8 Responses to “The Challenges of Looking After an Aged Parent”

  1. Paula Kaye Says:

    I can only hope that by the time I am your father’s age I can just close my eyes and die!! I would hate to think I was such a burden to my kids or grandkids. Maybe it all has something to do with how well we treat them when we are raising them.

    • Pat Bertram Says:

      I sure don’t want to live to be his age! And if I did, I’d have no one to look after me and probably not enough money to hire anyone.
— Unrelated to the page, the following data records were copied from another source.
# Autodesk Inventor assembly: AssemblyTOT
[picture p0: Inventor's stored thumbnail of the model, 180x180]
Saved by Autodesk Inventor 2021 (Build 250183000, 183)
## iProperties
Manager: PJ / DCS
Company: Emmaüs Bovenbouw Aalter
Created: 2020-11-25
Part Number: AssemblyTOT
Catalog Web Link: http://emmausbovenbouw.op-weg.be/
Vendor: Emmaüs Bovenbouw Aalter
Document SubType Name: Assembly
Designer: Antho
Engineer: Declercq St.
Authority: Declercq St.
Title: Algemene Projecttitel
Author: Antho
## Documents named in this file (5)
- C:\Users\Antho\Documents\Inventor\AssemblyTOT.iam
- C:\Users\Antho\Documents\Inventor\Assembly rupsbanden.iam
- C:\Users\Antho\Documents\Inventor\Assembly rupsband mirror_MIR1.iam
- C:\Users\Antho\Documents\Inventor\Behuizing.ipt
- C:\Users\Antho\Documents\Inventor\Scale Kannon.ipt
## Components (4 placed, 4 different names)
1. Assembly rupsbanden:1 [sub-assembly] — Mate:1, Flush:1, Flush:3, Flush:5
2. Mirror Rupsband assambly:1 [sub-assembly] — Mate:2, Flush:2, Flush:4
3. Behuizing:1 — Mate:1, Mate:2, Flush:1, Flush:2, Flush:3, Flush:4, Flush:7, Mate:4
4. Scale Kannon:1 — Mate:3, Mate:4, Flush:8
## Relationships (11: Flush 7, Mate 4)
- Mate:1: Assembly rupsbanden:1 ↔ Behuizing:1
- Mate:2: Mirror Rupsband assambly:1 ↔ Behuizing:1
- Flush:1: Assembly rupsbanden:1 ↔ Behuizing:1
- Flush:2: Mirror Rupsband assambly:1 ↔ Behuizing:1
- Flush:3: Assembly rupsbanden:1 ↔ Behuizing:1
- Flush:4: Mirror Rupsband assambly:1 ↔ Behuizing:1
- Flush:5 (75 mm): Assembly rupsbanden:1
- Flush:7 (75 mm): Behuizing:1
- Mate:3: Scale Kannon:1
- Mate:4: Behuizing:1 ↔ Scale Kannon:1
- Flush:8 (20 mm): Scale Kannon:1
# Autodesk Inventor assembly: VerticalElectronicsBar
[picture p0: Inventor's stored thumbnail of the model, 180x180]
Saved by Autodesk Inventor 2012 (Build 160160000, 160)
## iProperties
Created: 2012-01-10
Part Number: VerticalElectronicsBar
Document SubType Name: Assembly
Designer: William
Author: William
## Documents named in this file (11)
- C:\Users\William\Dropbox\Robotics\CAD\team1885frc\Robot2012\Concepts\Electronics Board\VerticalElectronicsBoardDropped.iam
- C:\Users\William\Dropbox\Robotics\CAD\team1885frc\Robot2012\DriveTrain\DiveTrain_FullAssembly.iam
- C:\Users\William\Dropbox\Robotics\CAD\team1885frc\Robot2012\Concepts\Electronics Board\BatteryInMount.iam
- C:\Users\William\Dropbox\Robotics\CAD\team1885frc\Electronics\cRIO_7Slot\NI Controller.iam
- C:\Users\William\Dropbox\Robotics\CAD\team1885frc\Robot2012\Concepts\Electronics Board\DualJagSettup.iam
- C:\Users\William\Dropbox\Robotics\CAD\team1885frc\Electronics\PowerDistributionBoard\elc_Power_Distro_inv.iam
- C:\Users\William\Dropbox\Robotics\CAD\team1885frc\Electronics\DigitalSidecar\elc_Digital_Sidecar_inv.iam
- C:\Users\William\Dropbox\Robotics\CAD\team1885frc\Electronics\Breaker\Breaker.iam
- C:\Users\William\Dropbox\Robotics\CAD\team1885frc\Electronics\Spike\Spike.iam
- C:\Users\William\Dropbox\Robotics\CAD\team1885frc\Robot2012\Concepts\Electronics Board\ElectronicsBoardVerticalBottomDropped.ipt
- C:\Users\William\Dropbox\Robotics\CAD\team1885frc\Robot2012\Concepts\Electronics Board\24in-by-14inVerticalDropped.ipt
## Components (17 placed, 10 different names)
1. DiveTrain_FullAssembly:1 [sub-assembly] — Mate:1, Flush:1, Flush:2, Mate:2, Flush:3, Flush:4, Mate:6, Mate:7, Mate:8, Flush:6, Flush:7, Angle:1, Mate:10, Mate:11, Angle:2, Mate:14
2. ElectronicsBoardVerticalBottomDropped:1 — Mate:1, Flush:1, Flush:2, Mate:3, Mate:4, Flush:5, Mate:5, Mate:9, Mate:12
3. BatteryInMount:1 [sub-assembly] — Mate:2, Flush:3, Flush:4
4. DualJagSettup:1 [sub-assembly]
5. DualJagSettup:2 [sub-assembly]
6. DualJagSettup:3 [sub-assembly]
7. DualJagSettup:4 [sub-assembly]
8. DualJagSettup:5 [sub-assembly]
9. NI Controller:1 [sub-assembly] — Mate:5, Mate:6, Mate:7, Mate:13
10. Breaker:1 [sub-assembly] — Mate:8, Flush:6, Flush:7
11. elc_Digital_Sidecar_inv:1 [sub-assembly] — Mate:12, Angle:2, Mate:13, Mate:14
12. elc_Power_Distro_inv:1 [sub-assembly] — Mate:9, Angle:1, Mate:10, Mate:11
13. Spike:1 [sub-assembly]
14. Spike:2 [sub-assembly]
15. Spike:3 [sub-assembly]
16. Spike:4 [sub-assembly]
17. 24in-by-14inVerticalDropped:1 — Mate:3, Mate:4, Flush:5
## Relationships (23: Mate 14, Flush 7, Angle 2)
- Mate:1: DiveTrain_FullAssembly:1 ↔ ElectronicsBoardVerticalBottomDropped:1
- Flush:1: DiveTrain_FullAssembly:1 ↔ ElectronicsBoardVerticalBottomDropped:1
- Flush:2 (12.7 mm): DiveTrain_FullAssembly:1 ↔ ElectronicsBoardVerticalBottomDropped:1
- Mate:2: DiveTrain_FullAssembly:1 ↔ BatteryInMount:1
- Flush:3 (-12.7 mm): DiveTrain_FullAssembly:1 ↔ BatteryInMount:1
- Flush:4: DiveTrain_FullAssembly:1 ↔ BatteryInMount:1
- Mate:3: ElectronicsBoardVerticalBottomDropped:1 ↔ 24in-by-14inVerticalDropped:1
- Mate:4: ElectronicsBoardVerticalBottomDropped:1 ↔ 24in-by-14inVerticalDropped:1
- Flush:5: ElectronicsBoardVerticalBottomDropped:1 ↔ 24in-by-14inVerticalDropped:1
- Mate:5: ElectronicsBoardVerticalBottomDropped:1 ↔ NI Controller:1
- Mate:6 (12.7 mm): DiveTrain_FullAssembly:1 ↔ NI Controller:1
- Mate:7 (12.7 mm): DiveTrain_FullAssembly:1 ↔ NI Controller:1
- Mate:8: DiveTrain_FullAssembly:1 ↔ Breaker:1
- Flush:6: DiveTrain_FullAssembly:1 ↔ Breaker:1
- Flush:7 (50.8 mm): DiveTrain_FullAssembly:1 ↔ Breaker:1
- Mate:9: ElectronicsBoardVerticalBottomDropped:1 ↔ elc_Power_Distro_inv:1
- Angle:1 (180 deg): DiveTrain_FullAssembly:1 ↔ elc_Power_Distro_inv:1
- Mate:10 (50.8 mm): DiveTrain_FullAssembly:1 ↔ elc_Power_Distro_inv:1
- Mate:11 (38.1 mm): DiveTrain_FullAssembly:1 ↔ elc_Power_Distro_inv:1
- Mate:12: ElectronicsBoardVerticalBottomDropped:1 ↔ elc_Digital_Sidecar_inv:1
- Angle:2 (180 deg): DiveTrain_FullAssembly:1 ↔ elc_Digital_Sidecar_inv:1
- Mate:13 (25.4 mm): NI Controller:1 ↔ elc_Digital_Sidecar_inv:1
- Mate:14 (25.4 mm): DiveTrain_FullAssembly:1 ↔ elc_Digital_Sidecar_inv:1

      I have a hunch the problem I am having is one you wouldn’t cause your children. Men of his age still have that sense of entitlement when it comes to women, as if we were born to look after them. Women are much more independent-minded.

  2. Kat Sheridan Says:

    I hope you have all the proper powers of attorney (financial and health at the top of the list) so you can manage for him with or without his “help” (speaking as someone who spent last year dealing with this). Consider getting yourself a lock box for all those bills and papers he wants to mess with and keep the key on you. I understand it’s hard for him to accept he’s become the child and you’ve become the parent, but it’s OK to say ‘no’ to him. If he demands papers, give him some from old files or last year’s to “play” with. He’s lucky to have you.

    • Pat Bertram Says:

      Making the whole situation more complicated, I don’t have any legal authority. One sister has medical power of attorney. One brother has financial power of attorney. Neither live in this state. I do have access to the house account so I can pay bills. It was a fight getting even that.

      • katsheridan Says:

        Then technically, you should be making the brother with the financial POA manage all the bills and make payments. How ridiculous that it wasn’t assigned to you. Same with medical. YOU’RE the one on-site who needs to be able to make immediate decisions, not them. That’s just crazy, and unnecessarily adds burdens to you. ALL of them are lucky to have you willing to do all this.

  3. Carol Says:

    Kat has a point. You’re in the position of being the primary caregiver without any official authority. Not a desirable situation! If your father isn’t doing things for himself only because he wants you to do them for him, not because he can’t do them himself, can you push him a bit more? Kind of compromise. When it comes to meals, for instance, can you prepare the ingredients and leave them for your father to assemble, or at least make it so he has to come out to the kitchen and serve himself, and remind him that you won’t be serving. Go out at dinner time if necessary, if only into the yard. (Maybe eat your own meal as a quiet picnic.) It sounds uncaring, and at 97 he’s probably entitled to find doing things for himself rather tiring. But I don’t know how you can play the two roles of daughter versus caregiver indefinitely.

  4. ocena10 Says:

    Si de algo te sirve mi experiencia he optado por hacer todo lo que mi madre quiere, sin contradecirle, a pesar que muchas veces pienso diferente, pero estoy convencida que yo no puedo convencerla de algo que ella tiene en su mente por décadas, en el fondo nos queda el consuelo que estamos haciendo lo correcto prodigandoles todo lo mejor de nosotros para estos seres maravillosos que fueron nuestros padres.